# Burton Boats



## pdawson (Jan 14, 2007)

CAN ANYONE TELL ME ALL THE NAMES OF THE STEEL / WOOD
BURTON BOATS BUILT IN THE 70'S .(Thumb)


----------



## Steve Farrow (Sep 9, 2006)

Burton Agnes, Constable, Fleming. & Lonsdale. Newington Trawlers.

Regards

Steve


----------



## david freeman (Jan 26, 2006)

Newington Trawlers were based in St Andrews Dock in Hull, and the 'snibbies' where run then I think as the Burton Boats. Newington Trawlers ran very sucessfully the wet fishers out of Hull, from St Andrews Dock:Ian Flemming;Hammond innnes Modern Strern Trawlers, and the Joseph Conrad a side winder. They may have been another one? Side winder.
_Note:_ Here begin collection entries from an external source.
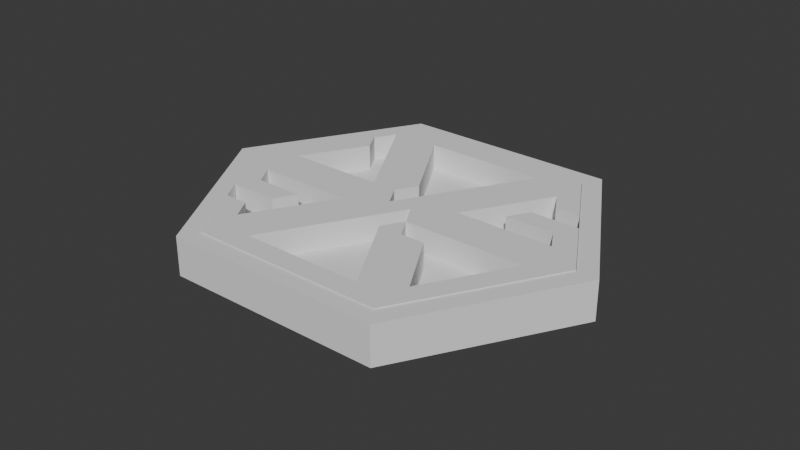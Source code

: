 # Source: Untitled.blend  (saved by Blender 4.5.88; exported with 4.5.12 LTS)
import bpy
from mathutils import Matrix  # noqa: F401  (used for matrix-valued properties, if any)

bpy.ops.wm.read_factory_settings(use_empty=True)
scene = bpy.context.scene
scene.name = 'Scene'

# ---- collections
col_collection = bpy.data.collections.new('Collection'); scene.collection.children.link(col_collection)

# ---- world
world_world = bpy.data.worlds.new('World'); scene.world = world_world
world_world.use_nodes = True; world_world.node_tree.nodes.clear()
_N = world_world.node_tree.nodes; _L = world_world.node_tree.links
n0 = _N.new('ShaderNodeOutputWorld'); n0.name = 'World Output'; n0.location = (200, 100)
n1 = _N.new('ShaderNodeBackground'); n1.name = 'Background'; n1.location = (-200, 100)
n1.inputs[0].default_value = (0.05088, 0.05088, 0.05088, 1.0)
_L.new(n1.outputs[0], n0.inputs[0])
n0.is_active_output = True
world_world.color = (0.05088, 0.05088, 0.05088)
world_world.sun_shadow_jitter_overblur = 0.0

# ---- meshes
me_circle_003 = bpy.data.meshes.new('Circle.003')
me_circle_003.from_pydata([(0.02213, 0.0, 0.02401), (0.06638, 0.0, 0.02401), (0.1991, 0.0, 0.02401), (0.2434, 0.0, 0.02401), (0.1549, 0.0, 0.02401), (0.3319, 0.0, 0.02401), (0.1106, 0.0, 0.02401), (0.2877, 0.0, 0.02401), (0.04425, 0.03833, 0.02401), (0.06638, 0.07665, 0.02401), (0.1106, 0.07665, 0.02401), (0.08851, 0.03833, 0.02401), (0.1328, 0.03833, 0.02401), (0.177, 0.03833, 0.02401), (0.2434, 0.07665, 0.02401), (0.2213, 0.03833, 0.02401), (0.2877, 0.07665, 0.02401), (0.2655, 0.03833, 0.02401), (0.3098, 0.03833, 0.02401), (0.2213, 0.115, 0.02401), (0.2655, 0.115, 0.02401), (0.08851, 0.115, 0.02401), (0.1328, 0.115, 0.02401), (0.1991, 0.1533, 0.02401), (0.2434, 0.1533, 0.02401), (0.1106, 0.1533, 0.02401), (0.1328, 0.1916, 0.02401), (0.177, 0.1916, 0.02401), (0.1549, 0.1533, 0.02401), (0.1549, 0.23, 0.02401), (0.1991, 0.23, 0.02401), (0.2213, 0.1916, 0.02401), (0.177, 0.2683, 0.02401), (0.06638, 0.0, -0.02401), (0.02213, 0.0, -0.02401), (0.1991, 0.0, -0.02401), (0.1549, 0.0, -0.02401), (0.2434, 0.0, -0.02401), (0.3319, 0.0, -0.02401), (0.2877, 0.0, -0.02401), (0.08851, 0.03833, -0.02401), (0.1106, 0.07665, -0.02401), (0.1328, 0.03833, -0.02401), (0.2655, 0.03833, -0.02401), (0.2877, 0.07665, -0.02401), (0.04425, 0.03833, -0.02401), (0.06638, 0.07665, -0.02401), (0.2434, 0.07665, -0.02401), (0.3098, 0.03833, -0.02401), (0.177, 0.03833, -0.02401), (0.2213, 0.03833, -0.02401), (0.2655, 0.115, -0.02401), (0.2213, 0.115, -0.02401), (0.2434, 0.1533, -0.02401), (0.1991, 0.1533, -0.02401), (0.1328, 0.115, -0.02401), (0.08851, 0.115, -0.02401), (0.1549, 0.1533, -0.02401), (0.177, 0.1916, -0.02401), (0.1106, 0.1533, -0.02401), (0.1328, 0.1916, -0.02401), (0.1991, 0.23, -0.02401), (0.1549, 0.23, -0.02401), (0.1106, 0.0, -0.02401), (0.2213, 0.1916, -0.02401), (0.177, 0.2683, -0.02401)], [], [(8, 1, 11), (11, 6, 12), (12, 4, 13), (13, 2, 15), (15, 3, 17), (17, 7, 18), (0, 8, 1), (1, 11, 6), (6, 12, 4), (4, 13, 2), (2, 15, 3), (3, 17, 7), (7, 18, 5), (9, 11, 10), (14, 17, 16), (8, 9, 11), (17, 16, 18), (21, 10, 22), (19, 14, 20), (9, 21, 10), (14, 20, 16), (25, 22, 28), (23, 19, 24), (21, 25, 22), (19, 24, 20), (26, 28, 27), (25, 26, 28), (23, 31, 24), (29, 27, 30), (26, 29, 27), (29, 32, 30), (45, 40, 33), (40, 42, 63), (42, 49, 36), (49, 50, 35), (50, 43, 37), (43, 48, 39), (34, 33, 45), (33, 63, 40), (63, 36, 42), (36, 35, 49), (35, 37, 50), (37, 39, 43), (39, 38, 48), (46, 41, 40), (47, 44, 43), (45, 40, 46), (43, 48, 44), (56, 55, 41), (52, 51, 47), (46, 41, 56), (47, 44, 51), (59, 57, 55), (54, 53, 52), (56, 55, 59), (52, 51, 53), (60, 58, 57), (59, 57, 60), (54, 53, 64), (62, 61, 58), (60, 58, 62), (62, 61, 65), (9, 8, 45, 46), (32, 29, 62, 65), (27, 28, 57, 58), (30, 32, 65, 61), (26, 25, 59, 60), (16, 20, 51, 44), (25, 21, 56, 59), (17, 14, 47, 43), (28, 22, 55, 57), (18, 16, 44, 48), (20, 24, 53, 51), (0, 1, 33, 34), (1, 6, 63, 33), (12, 13, 49, 42), (4, 2, 35, 36), (6, 4, 36, 63), (19, 23, 54, 52), (13, 15, 50, 49), (2, 3, 37, 35), (3, 7, 39, 37), (31, 23, 54, 64), (15, 17, 43, 50), (7, 5, 38, 39), (5, 18, 48, 38), (24, 31, 64, 53), (21, 9, 46, 56), (10, 11, 40, 41), (8, 0, 34, 45), (29, 26, 60, 62), (11, 12, 42, 40), (22, 10, 41, 55), (30, 27, 58, 61), (14, 19, 52, 47)])
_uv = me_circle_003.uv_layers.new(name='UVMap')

The wet fishers often won the best prize for the market take of fine fish landed in a day.


----------



## pdawson (Jan 14, 2007)

i am sure newington had ten boats built , 5 steel & 5 wooden 
can anyone remember all of their names ?


----------



## porthendry (Jul 6, 2007)

Steve Farrow said:


> Burton Agnes, Constable, Fleming. & Lonsdale. Newington Trawlers.
> 
> Regards
> 
> Steve


Cherry Burton, Bishop Burton and Burton Pidsea too, not sure about any others. Vera Louise ?


----------